> **Task objective**: Only the lines below starting at the one containing "- moved U2 33.6 mm to (127.6, 71.1)" and ending at the one containing "- moved R1 19.7" belong in the answer, each copied exactly.
── Working data ──
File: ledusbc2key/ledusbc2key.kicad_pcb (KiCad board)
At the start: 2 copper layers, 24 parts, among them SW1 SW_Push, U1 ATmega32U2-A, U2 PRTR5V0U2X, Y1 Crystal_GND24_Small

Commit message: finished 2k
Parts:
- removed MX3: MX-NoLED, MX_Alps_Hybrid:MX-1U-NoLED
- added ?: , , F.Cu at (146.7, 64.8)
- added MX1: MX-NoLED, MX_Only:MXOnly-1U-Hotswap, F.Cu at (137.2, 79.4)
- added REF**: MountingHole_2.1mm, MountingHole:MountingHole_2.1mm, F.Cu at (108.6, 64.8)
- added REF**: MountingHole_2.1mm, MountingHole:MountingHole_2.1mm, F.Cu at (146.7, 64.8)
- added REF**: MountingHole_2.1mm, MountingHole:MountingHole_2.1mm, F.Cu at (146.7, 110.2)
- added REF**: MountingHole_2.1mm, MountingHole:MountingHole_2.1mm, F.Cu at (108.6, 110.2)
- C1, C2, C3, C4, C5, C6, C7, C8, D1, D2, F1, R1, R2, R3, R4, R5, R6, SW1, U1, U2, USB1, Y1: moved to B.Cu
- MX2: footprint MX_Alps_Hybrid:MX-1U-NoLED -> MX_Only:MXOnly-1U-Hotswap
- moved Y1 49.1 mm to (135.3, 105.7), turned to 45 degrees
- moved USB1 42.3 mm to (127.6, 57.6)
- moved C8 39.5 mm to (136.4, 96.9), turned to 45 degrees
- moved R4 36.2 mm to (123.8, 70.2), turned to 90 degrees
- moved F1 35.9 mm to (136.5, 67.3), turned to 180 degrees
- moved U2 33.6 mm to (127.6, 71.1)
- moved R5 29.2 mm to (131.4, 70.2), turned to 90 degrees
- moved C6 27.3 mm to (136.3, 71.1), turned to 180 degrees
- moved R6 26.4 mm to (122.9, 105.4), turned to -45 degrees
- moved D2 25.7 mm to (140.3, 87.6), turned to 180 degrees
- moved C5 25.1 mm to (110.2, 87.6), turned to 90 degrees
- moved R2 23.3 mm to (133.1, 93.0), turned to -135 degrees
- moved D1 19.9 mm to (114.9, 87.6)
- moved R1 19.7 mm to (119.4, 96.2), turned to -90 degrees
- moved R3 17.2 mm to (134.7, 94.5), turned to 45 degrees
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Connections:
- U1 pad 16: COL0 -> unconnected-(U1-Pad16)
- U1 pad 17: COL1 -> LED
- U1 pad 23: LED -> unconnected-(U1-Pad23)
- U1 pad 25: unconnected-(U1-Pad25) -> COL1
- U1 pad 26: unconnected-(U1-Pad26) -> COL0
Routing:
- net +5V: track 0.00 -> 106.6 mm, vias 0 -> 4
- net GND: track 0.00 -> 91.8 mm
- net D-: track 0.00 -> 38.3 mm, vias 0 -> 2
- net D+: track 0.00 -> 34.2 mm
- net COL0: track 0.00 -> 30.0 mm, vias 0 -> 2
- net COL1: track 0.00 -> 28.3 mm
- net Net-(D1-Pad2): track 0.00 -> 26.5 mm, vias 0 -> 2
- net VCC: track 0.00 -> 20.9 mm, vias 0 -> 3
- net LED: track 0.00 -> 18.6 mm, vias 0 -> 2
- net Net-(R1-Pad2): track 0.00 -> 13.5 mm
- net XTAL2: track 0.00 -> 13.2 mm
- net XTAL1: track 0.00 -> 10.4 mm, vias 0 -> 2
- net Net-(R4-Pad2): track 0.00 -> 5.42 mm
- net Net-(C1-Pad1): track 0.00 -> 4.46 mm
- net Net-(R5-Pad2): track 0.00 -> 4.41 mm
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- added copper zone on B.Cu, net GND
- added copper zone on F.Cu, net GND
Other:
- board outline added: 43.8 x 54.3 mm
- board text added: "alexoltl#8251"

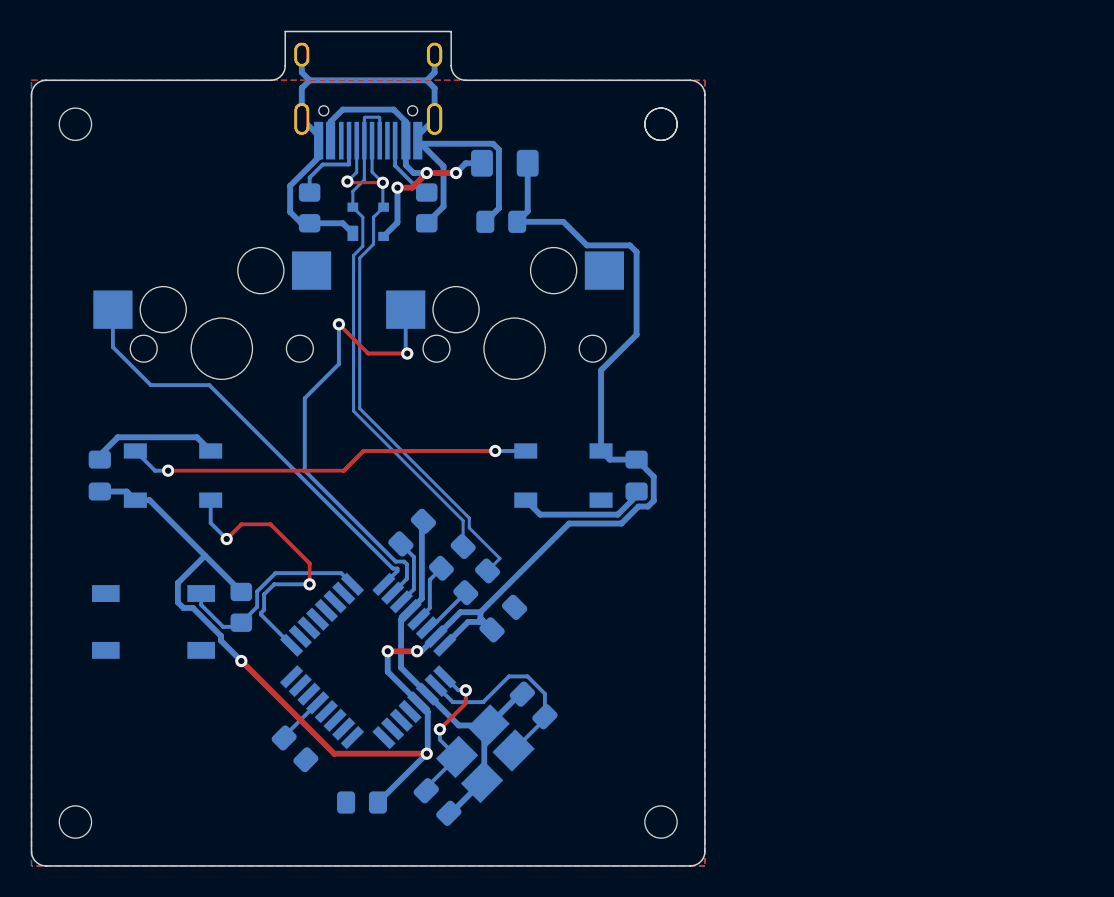
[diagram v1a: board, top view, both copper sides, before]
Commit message: changed location of pcb mountings
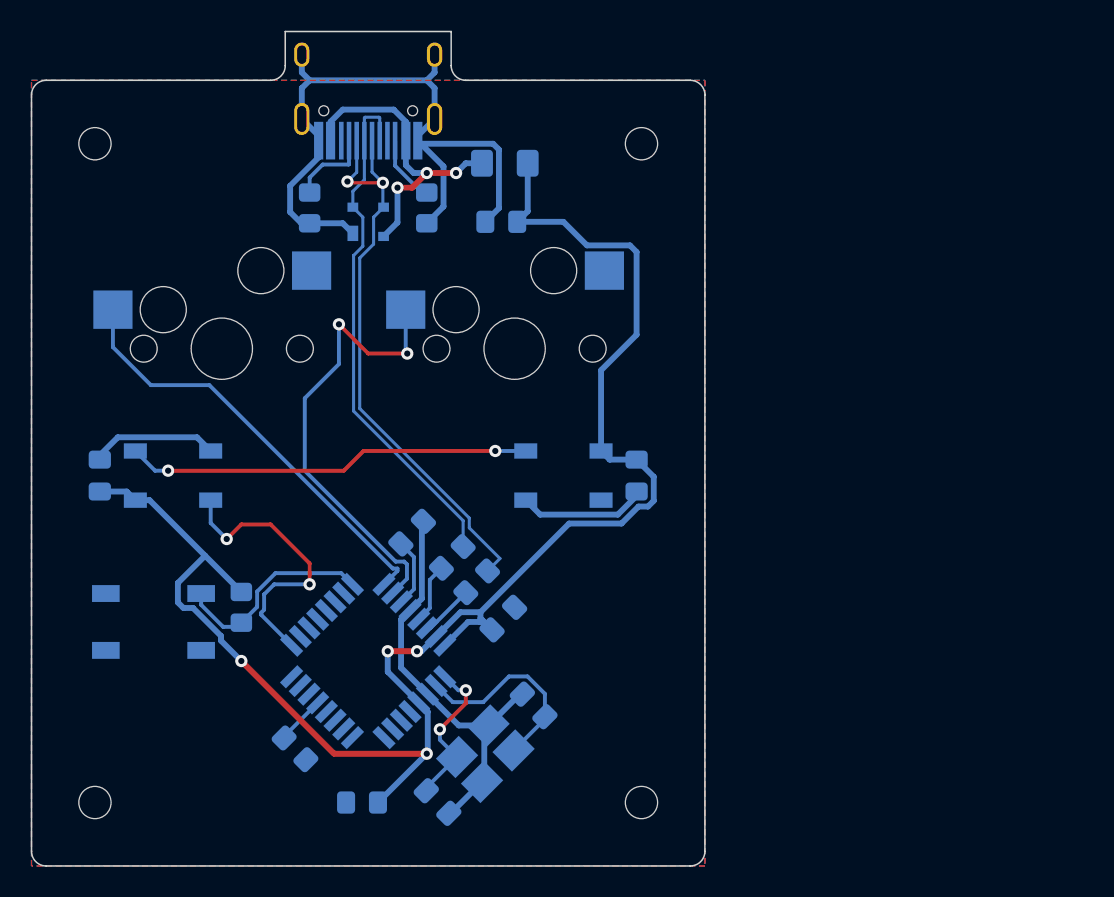
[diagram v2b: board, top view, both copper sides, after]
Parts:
- removed ?: , 
- moved REF** 1.80 mm to (109.9, 66.0)
- moved REF** 1.80 mm to (145.4, 66.0)
- moved REF** 1.80 mm to (145.4, 108.9)
- moved REF** 1.80 mm to (109.9, 108.9)
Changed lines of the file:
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@@
     )
-  )
-  (footprint "" (layer "F.Cu")
-    (at 146.685 64.77)
-    (fp_text reference "" (at 0 0) (layer "F.SilkS")
-      (effects (font (size 1.27 1.27) (thickness 0.15)))
-    )
-    (fp_text value "" (at 0 0) (layer "F.SilkS")
-      (effects (font (size 1.27 1.27) (thickness 0.15)))
-    )
-    (pad "" np_thru_hole circle (at 0 0) (size 2.1 2.1) (drill 2.1) (layers *.Cu *.Mask))
   )
   (footprint "MountingHole:MountingHole_2.1mm" (layer "F.Cu")
-    (at 108.585 64.77)
+    (at 109.855 66.04)
     (descr "Mounting Hole 2.1mm, no annular")
     (tags "mounting hole 2.1mm no annular")
@@
   )
   (footprint "MountingHole:MountingHole_2.1mm" (layer "F.Cu")
-    (at 146.685 64.77)
+    (at 145.415 66.04)
     (descr "Mounting Hole 2.1mm, no annular")
     (tags "mounting hole 2.1mm no annular")
@@
   )
   (footprint "MountingHole:MountingHole_2.1mm" (layer "F.Cu")
-    (at 146.685 110.1725)
+    (at 145.415 108.9025)
     (descr "Mounting Hole 2.1mm, no annular")
     (tags "mounting hole 2.1mm no annular")
@@
   )
   (footprint "MountingHole:MountingHole_2.1mm" (layer "F.Cu")
-    (at 108.585 110.1725)
+    (at 109.855 108.9025)
     (descr "Mounting Hole 2.1mm, no annular")
     (tags "mounting hole 2.1mm no annular")
@@
     (property "Sheetname" "")
     (attr smd)
-    (fp_text reference "R4" (at 0 -2.54 90) (layer "B.SilkS")
+    (fp_text reference "R4" (at 0.365 -2.2225 90) (layer "B.SilkS")
       (effects (font (size 1 1) (thickness 0.15)) (justify mirror))
     )
@@
     (property "Sheetname" "")
     (attr smd)
-    (fp_text reference "R5" (at 0 2.54 90) (layer "B.SilkS")
+    (fp_text reference "R5" (at 0.0475 1.905 90) (layer "B.SilkS")
       (effects (font (size 1 1) (thickness 0.15)) (justify mirror))
     )
@@
     (property "Sheetname" "")
     (attr smd)
-    (fp_text reference "C3" (at -0.224506 -2.963711 135) (layer "B.SilkS")
+    (fp_text reference "C3" (at 0 -1.841179 135) (layer "B.SilkS")
       (effects (font (size 1 1) (thickness 0.15)) (justify mirror))
     )
@@
     (property "Sheetname" "")
     (attr smd)
-    (fp_text reference "U1" (at 0 6.05 135) (layer "B.SilkS")
+    (fp_text reference "U1" (at 0 6.05 315) (layer "B.SilkS")
       (effects (font (size 1 1) (thickness 0.15)) (justify mirror))
     )
@@
     (property "Sheetname" "")
     (attr smd)
-    (fp_text reference "C2" (at 0.248981 -2.539172 135) (layer "B.SilkS")
+    (fp_text reference "C2" (at 0.024474 -1.865653 135) (layer "B.SilkS")
       (effects (font (size 1 1) (thickness 0.15)) (justify mirror))
     )
@@
     (property "Sheetname" "")
     (attr smd)
-    (fp_text reference "R1" (at 0 1.65 90) (layer "B.SilkS")
+    (fp_text reference "R1" (at 0 -1.905 -90) (layer "B.SilkS")
       (effects (font (size 1 1) (thickness 0.15)) (justify mirror))
     )
@@
     (property "Sheetname" "")
     (attr smd)
-    (fp_text reference "Y1" (at 0.224506 3.367596 45) (layer "B.SilkS")
+    (fp_text reference "Y1" (at 0 3.14309 45) (layer "B.SilkS")
       (effects (font (size 1 1) (thickness 0.15)) (justify mirror))
     )
@@
     (property "Sheetname" "")
     (attr smd)
-    (fp_text reference "C6" (at 0 1.905) (layer "B.SilkS")
+    (fp_text reference "C6" (at 0.085 -1.905) (layer "B.SilkS")
       (effects (font (size 1 1) (thickness 0.15)) (justify mirror))
     )
@@
     (property "Sheetname" "")
     (attr smd)
-    (fp_text reference "C7" (at -0.261252 1.68) (layer "B.SilkS")
+    (fp_text reference "C7" (at -0.085 1.5875) (layer "B.SilkS")
       (effects (font (size 1 1) (thickness 0.15)) (justify mirror))
     )
@@
   )
   (dimension (type aligned) (layer "B.Cu")
-    (pts (xy 149.5425 61.9125) (xy 105.7275 61.9125))
-    (height 8.5725)
-    (gr_text "43.8150 mm" (at 127.635 51.54) (layer "B.Cu")
+    (pts (xy 133.0325 60.96) (xy 149.5425 60.96))
+    (height -13.97)
+    (gr_text "16.5100 mm" (at 141.2875 45.19) (layer "B.Cu")
       (effects (font (size 1.5 1.5) (thickness 0.3)))
     )
+    (format (units 3) (units_format 1) (precision 4))
+    (style (thickness 0.2) (arrow_length 1.27) (text_position_mode 0) (extension_height 0.58642) (extension_offset 0.5) keep_text_aligned)
+  )
+  (dimension (type aligned) (layer "B.Cu")
+    (pts (xy 133.0325 58.7375) (xy 122.2375 58.7375))
+    (height 6.6675)
+    (gr_text "10.7950 mm" (at 127.635 50.27) (layer "B.Cu")
+      (effects (font (size 1.5 1.5) (thickness 0.3)))
+    )
+    (format (units 3) (units_format 1) (precision 4))
+    (style (thickness 0.2) (arrow_length 1.27) (text_position_mode 0) (extension_height 0.58642) (extension_offset 0.5) keep_text_aligned)
+  )
+  (dimension (type aligned) (layer "B.Cu")
+    (pts (xy 149.5425 113.03) (xy 105.7275 113.03))
+    (height -4.1275)
+    (gr_text "43.8150 mm" (at 127.635 115.3575) (layer "B.Cu")
+      (effects (font (size 1.5 1.5) (thickness 0.3)))
+    )
───
> **Solution to the exercise**:
- moved U2 33.6 mm to (127.6, 71.1)
- moved R5 29.2 mm to (131.4, 70.2), turned to 90 degrees
- moved C6 27.3 mm to (136.3, 71.1), turned to 180 degrees
- moved R6 26.4 mm to (122.9, 105.4), turned to -45 degrees
- moved D2 25.7 mm to (140.3, 87.6), turned to 180 degrees
- moved C5 25.1 mm to (110.2, 87.6), turned to 90 degrees
- moved R2 23.3 mm to (133.1, 93.0), turned to -135 degrees
- moved D1 19.9 mm to (114.9, 87.6)
- moved R1 19.7 mm to (119.4, 96.2), turned to -90 degrees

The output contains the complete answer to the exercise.